In your copy, each record should read exactly as it does below, and no pictures should be present.

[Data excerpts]

____________________

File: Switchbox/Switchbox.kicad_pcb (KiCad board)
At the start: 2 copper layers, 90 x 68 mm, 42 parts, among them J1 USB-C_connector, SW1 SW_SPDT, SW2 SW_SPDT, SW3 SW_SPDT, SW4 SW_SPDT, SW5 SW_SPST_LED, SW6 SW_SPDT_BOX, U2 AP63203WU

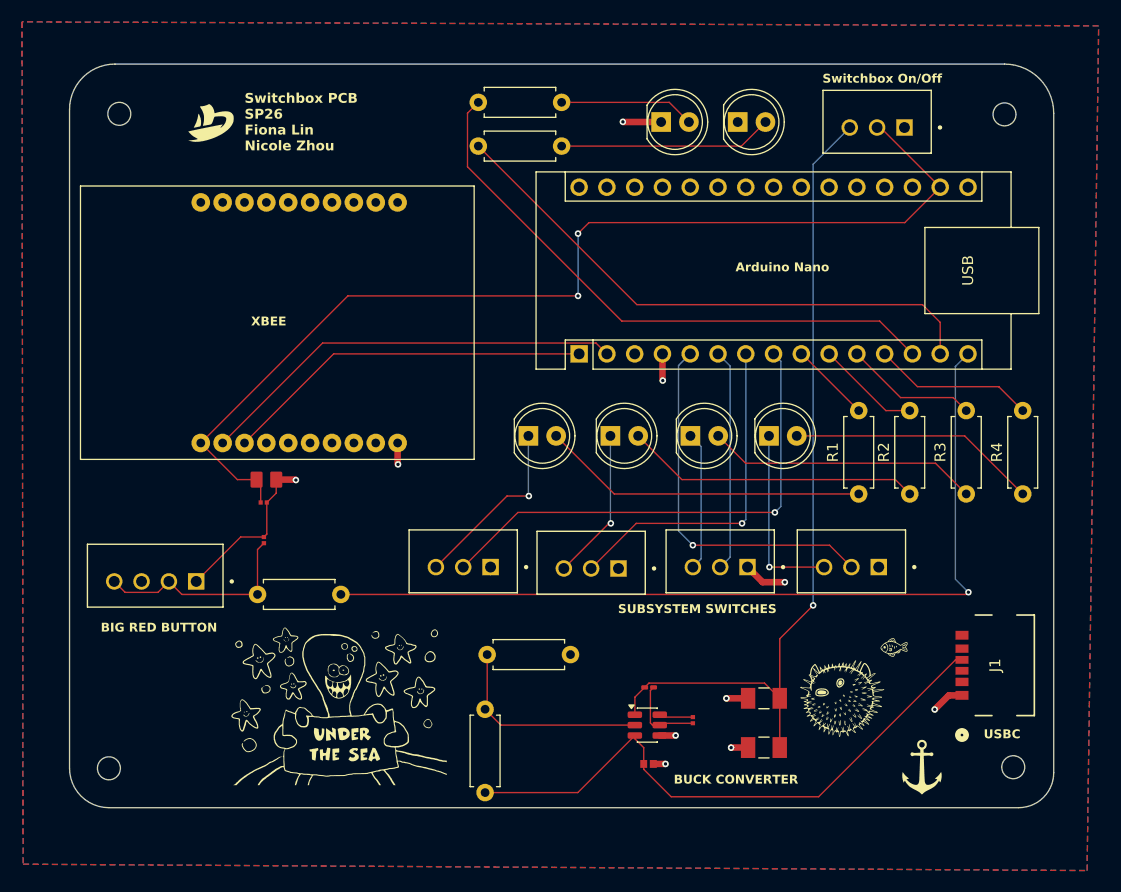
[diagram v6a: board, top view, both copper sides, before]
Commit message: changed resistors, LEDs, traces, some labels
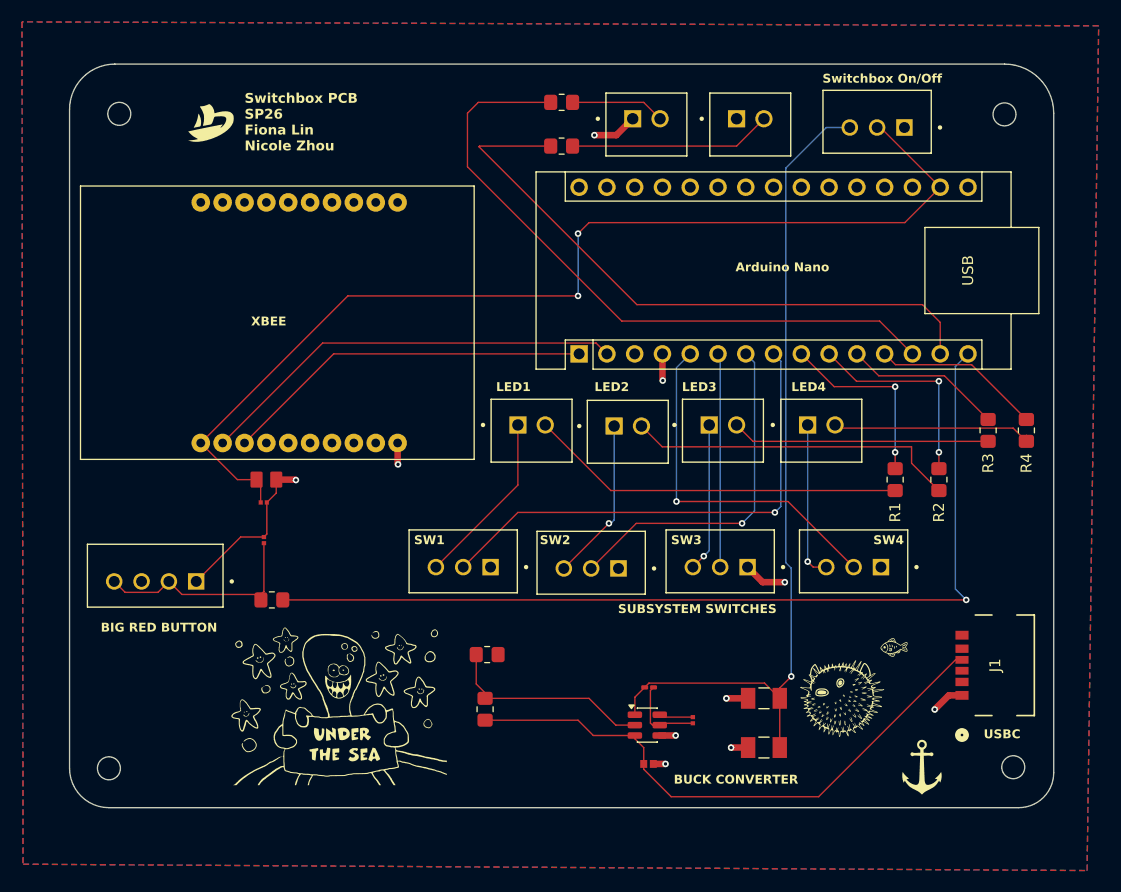
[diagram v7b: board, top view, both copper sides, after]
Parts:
- D1, D2, D3, D4, D5, D6: footprint LED_THT:LED_D5.0mm -> switchbox_footprints:2_pin_header
- R1, R2, R3, R3a1, R3b1, R4, R5, R6, R7: footprint Resistor_THT:R_Axial_DIN0207_L6.3mm_D2.5mm_P7.62mm_Horizontal -> Resistor_SMD:R_0805_2012Metric_Pad1.20x1.40mm_HandSolder
- moved R7 6.33 mm to (121.5, 134.0)
- moved R3 6.14 mm to (187.0, 118.5)
- moved R4 5.82 mm to (190.5, 118.5)
- moved D4 5.31 mm to (172.2, 118.2), turned to 180 degrees
- moved R1 3.58 mm to (178.5, 123.0)
- moved D3 3.52 mm to (163.2, 118.2), turned to 180 degrees
- moved R2 2.97 mm to (182.5, 123.0)
- moved D2 2.17 mm to (154.5, 118.2), turned to 180 degrees
- moved D6 1.61 mm to (165.7, 90.2), turned to 180 degrees
- moved D1 1.13 mm to (145.7, 118.2), turned to 180 degrees
- moved D5 0.91 mm to (156.2, 90.2), turned to 180 degrees
- moved SW4 0.20 mm to (174.5, 130.9)
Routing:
- net LED1_PWR: track 7.40 -> 17.4 mm, vias 0 -> 2
- net LED2_PWR: track 9.52 -> 19.1 mm, vias 0 -> 2
- net LED5_PWR: track 54.1 -> 60.7 mm
- net LED6_PWR: track 51.8 -> 58.3 mm
- net BUTTON: track 80.2 -> 85.9 mm
- net Net-(D1-A): track 29.9 -> 34.5 mm
- net Net-(D4-A): track 22.9 -> 18.7 mm
- net Net-(D5-A): track 12.4 -> 8.62 mm
- net Net-(D2-A): track 27.0 -> 30.5 mm
- net Net-(D4-K): track 17.0 -> 14.2 mm
- net LED3_PWR: track 12.1 -> 14.5 mm
- net 3.3VBuck: track 75.3 -> 77.0 mm
- net Sys_Vin: track 54.6 -> 53.0 mm
- net Net-(D3-A): track 24.9 -> 23.6 mm
- net LED4_STATE: track 33.8 -> 32.7 mm
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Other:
- board text added: "680"
- board text added: "LED1"
- board text added: "LED2"
- board text added: "LED3"
- board text added: "LED4"
- board text added: "SW1"
- board text added: "SW2"
- board text added: "SW3"
- board text added: "SW4"

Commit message: uploaded jlc board settings, minor change to buck
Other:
- copper layers 2 -> 4
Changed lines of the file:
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@@
 	(generator_version "9.0")
 	(general
-		(thickness 1.6)
+		(thickness 1.600198)
 		(legacy_teardrops no)
 	)
 	(paper "A4")
 	(layers
-		(0 "F.Cu" signal)
-		(2 "B.Cu" signal)
-		(9 "F.Adhes" user "F.Adhesive")
-		(11 "B.Adhes" user "B.Adhesive")
+		(0 "F.Cu" signal "Front")
+		(4 "In1.Cu" signal)
+		(6 "In2.Cu" signal)
+		(2 "B.Cu" signal "Back")
 		(13 "F.Paste" user)
 		(15 "B.Paste" user)
-		(5 "F.SilkS" user "F.Silkscreen")
-		(7 "B.SilkS" user "B.Silkscreen")
+		(5 "F.SilkS" user)
+		(7 "B.SilkS" user)
 		(1 "F.Mask" user)
 		(3 "B.Mask" user)
-		(17 "Dwgs.User" user "User.Drawings")
-		(19 "Cmts.User" user "User.Comments")
-		(21 "Eco1.User" user "User.Eco1")
-		(23 "Eco2.User" user "User.Eco2")
 		(25 "Edge.Cuts" user)
 		(27 "Margin" user)
-		(31 "F.CrtYd" user "F.Courtyard")
-		(29 "B.CrtYd" user "B.Courtyard")
+		(31 "F.CrtYd" user)
+		(29 "B.CrtYd" user)
 		(35 "F.Fab" user)
-		(33 "B.Fab" user)
-		(39 "User.1" user)
-		(41 "User.2" user)
-		(43 "User.3" user)
-		(45 "User.4" user)
 	)
 	(setup
+		(stackup
+			(layer "F.SilkS"
+				(type "Top Silk Screen")
+			)
+			(layer "F.Paste"
+				(type "Top Solder Paste")
+			)
+			(layer "F.Mask"
+				(type "Top Solder Mask")
+				(thickness 0.01)
+			)
+			(layer "F.Cu"
+				(type "copper")
+				(thickness 0.035)
+			)
+			(layer "dielectric 1"
+				(type "core")
+				(thickness 0.480066)
+				(material "FR4")
+				(epsilon_r 4.5)
+				(loss_tangent 0.02)
+			)
+			(layer "In1.Cu"
+				(type "copper")
+				(thickness 0.035)
+			)
+			(layer "dielectric 2"
+				(type "prepreg")
+				(thickness 0.480066)
+				(material "FR4")
+				(epsilon_r 4.5)
+				(loss_tangent 0.02)
+			)
+			(layer "In2.Cu"
+				(type "copper")
+				(thickness 0.035)
+			)
+			(layer "dielectric 3"
+				(type "core")
+				(thickness 0.480066)
+				(material "FR4")
+				(epsilon_r 4.5)
+				(loss_tangent 0.02)
+			)
+			(layer "B.Cu"
+				(type "copper")
+				(thickness 0.035)
+			)
+			(layer "B.Mask"
+				(type "Bottom Solder Mask")
+				(thickness 0.01)
+			)
+			(layer "B.Paste"
+				(type "Bottom Solder Paste")
+			)
+			(layer "B.SilkS"
+				(type "Bottom Silk Screen")
+			)
+			(copper_finish "None")
+			(dielectric_constraints no)
+		)
 		(pad_to_mask_clearance 0)
+		(solder_mask_min_width 0.12)
 		(allow_soldermask_bridges_in_footprints no)
 		(tenting front back)
@@
 			(net 42 "Sys_Vin")
 			(pintype "passive")
-			(solder_mask_margin 0.102)
+			(solder_mask_margin 0)
 		)
 		(pad "2" smd rect
@@
 			(net 6 "GND")
 			(pintype "passive")
-			(solder_mask_margin 0.102)
+			(solder_mask_margin 0)
 		)
 		(embedded_fonts no)
@@
 		(min_thickness 0.25)
 		(filled_areas_thickness no)
-		(fill
+		(fill yes
 			(thermal_gap 0.5)
 			(thermal_bridge_width 0.5)

____________________

EXERCISE ANSWER:
File: Switchbox/Switchbox.kicad_pcb (KiCad board)
At the start: 2 copper layers, 90 x 68 mm, 42 parts, among them J1 USB-C_connector, SW1 SW_SPDT, SW2 SW_SPDT, SW3 SW_SPDT, SW4 SW_SPDT, SW5 SW_SPST_LED, SW6 SW_SPDT_BOX, U2 AP63203WU

[diagram v6a: board, top view, both copper sides, before]
Commit message: changed resistors, LEDs, traces, some labels
[diagram v7b: board, top view, both copper sides, after]
Parts:
- D1, D2, D3, D4, D5, D6: footprint LED_THT:LED_D5.0mm -> switchbox_footprints:2_pin_header
- R1, R2, R3, R3a1, R3b1, R4, R5, R6, R7: footprint Resistor_THT:R_Axial_DIN0207_L6.3mm_D2.5mm_P7.62mm_Horizontal -> Resistor_SMD:R_0805_2012Metric_Pad1.20x1.40mm_HandSolder
- moved R7 6.33 mm to (121.5, 134.0)
- moved R3 6.14 mm to (187.0, 118.5)
- moved R4 5.82 mm to (190.5, 118.5)
- moved D4 5.31 mm to (172.2, 118.2), turned to 180 degrees
- moved R1 3.58 mm to (178.5, 123.0)
- moved D3 3.52 mm to (163.2, 118.2), turned to 180 degrees
- moved R2 2.97 mm to (182.5, 123.0)
- moved D2 2.17 mm to (154.5, 118.2), turned to 180 degrees
- moved D6 1.61 mm to (165.7, 90.2), turned to 180 degrees
- moved D1 1.13 mm to (145.7, 118.2), turned to 180 degrees
- moved D5 0.91 mm to (156.2, 90.2), turned to 180 degrees
- moved SW4 0.20 mm to (174.5, 130.9)
Routing:
- net LED1_PWR: track 7.40 -> 17.4 mm, vias 0 -> 2
- net LED2_PWR: track 9.52 -> 19.1 mm, vias 0 -> 2
- net LED5_PWR: track 54.1 -> 60.7 mm
- net LED6_PWR: track 51.8 -> 58.3 mm
- net BUTTON: track 80.2 -> 85.9 mm
- net Net-(D1-A): track 29.9 -> 34.5 mm
- net Net-(D4-A): track 22.9 -> 18.7 mm
- net Net-(D5-A): track 12.4 -> 8.62 mm
- net Net-(D2-A): track 27.0 -> 30.5 mm
- net Net-(D4-K): track 17.0 -> 14.2 mm
- net LED3_PWR: track 12.1 -> 14.5 mm
- net 3.3VBuck: track 75.3 -> 77.0 mm
- net Sys_Vin: track 54.6 -> 53.0 mm
- net Net-(D3-A): track 24.9 -> 23.6 mm
- net LED4_STATE: track 33.8 -> 32.7 mm
Other:
- board text added: "680"
- board text added: "LED1"
- board text added: "LED2"
- board text added: "LED3"
- board text added: "LED4"
- board text added: "SW1"
- board text added: "SW2"
- board text added: "SW3"
- board text added: "SW4"

Commit message: uploaded jlc board settings, minor change to buck
Other:
- copper layers 2 -> 4
Changed lines of the file:
@@
 	(generator_version "9.0")
 	(general
-		(thickness 1.6)
+		(thickness 1.600198)
 		(legacy_teardrops no)
 	)
 	(paper "A4")
 	(layers
-		(0 "F.Cu" signal)
-		(2 "B.Cu" signal)
-		(9 "F.Adhes" user "F.Adhesive")
-		(11 "B.Adhes" user "B.Adhesive")
+		(0 "F.Cu" signal "Front")
+		(4 "In1.Cu" signal)
+		(6 "In2.Cu" signal)
+		(2 "B.Cu" signal "Back")
 		(13 "F.Paste" user)
 		(15 "B.Paste" user)
-		(5 "F.SilkS" user "F.Silkscreen")
-		(7 "B.SilkS" user "B.Silkscreen")
+		(5 "F.SilkS" user)
+		(7 "B.SilkS" user)
 		(1 "F.Mask" user)
 		(3 "B.Mask" user)
-		(17 "Dwgs.User" user "User.Drawings")
-		(19 "Cmts.User" user "User.Comments")
-		(21 "Eco1.User" user "User.Eco1")
-		(23 "Eco2.User" user "User.Eco2")
 		(25 "Edge.Cuts" user)
 		(27 "Margin" user)
-		(31 "F.CrtYd" user "F.Courtyard")
-		(29 "B.CrtYd" user "B.Courtyard")
+		(31 "F.CrtYd" user)
+		(29 "B.CrtYd" user)
 		(35 "F.Fab" user)
-		(33 "B.Fab" user)
-		(39 "User.1" user)
-		(41 "User.2" user)
-		(43 "User.3" user)
-		(45 "User.4" user)
 	)
 	(setup
+		(stackup
+			(layer "F.SilkS"
+				(type "Top Silk Screen")
+			)
+			(layer "F.Paste"
+				(type "Top Solder Paste")
+			)
+			(layer "F.Mask"
+				(type "Top Solder Mask")
+				(thickness 0.01)
+			)
+			(layer "F.Cu"
+				(type "copper")
+				(thickness 0.035)
+			)
+			(layer "dielectric 1"
+				(type "core")
+				(thickness 0.480066)
+				(material "FR4")
+				(epsilon_r 4.5)
+				(loss_tangent 0.02)
+			)
+			(layer "In1.Cu"
+				(type "copper")
+				(thickness 0.035)
+			)
+			(layer "dielectric 2"
+				(type "prepreg")
+				(thickness 0.480066)
+				(material "FR4")
+				(epsilon_r 4.5)
+				(loss_tangent 0.02)
+			)
+			(layer "In2.Cu"
+				(type "copper")
+				(thickness 0.035)
+			)
+			(layer "dielectric 3"
+				(type "core")
+				(thickness 0.480066)
+				(material "FR4")
+				(epsilon_r 4.5)
+				(loss_tangent 0.02)
+			)
+			(layer "B.Cu"
+				(type "copper")
+				(thickness 0.035)
+			)
+			(layer "B.Mask"
+				(type "Bottom Solder Mask")
+				(thickness 0.01)
+			)
+			(layer "B.Paste"
+				(type "Bottom Solder Paste")
+			)
+			(layer "B.SilkS"
+				(type "Bottom Silk Screen")
+			)
+			(copper_finish "None")
+			(dielectric_constraints no)
+		)
 		(pad_to_mask_clearance 0)
+		(solder_mask_min_width 0.12)
 		(allow_soldermask_bridges_in_footprints no)
 		(tenting front back)
@@
 			(net 42 "Sys_Vin")
 			(pintype "passive")
-			(solder_mask_margin 0.102)
+			(solder_mask_margin 0)
 		)
 		(pad "2" smd rect
@@
 			(net 6 "GND")
 			(pintype "passive")
-			(solder_mask_margin 0.102)
+			(solder_mask_margin 0)
 		)
 		(embedded_fonts no)
@@
 		(min_thickness 0.25)
 		(filled_areas_thickness no)
-		(fill
+		(fill yes
 			(thermal_gap 0.5)
 			(thermal_bridge_width 0.5)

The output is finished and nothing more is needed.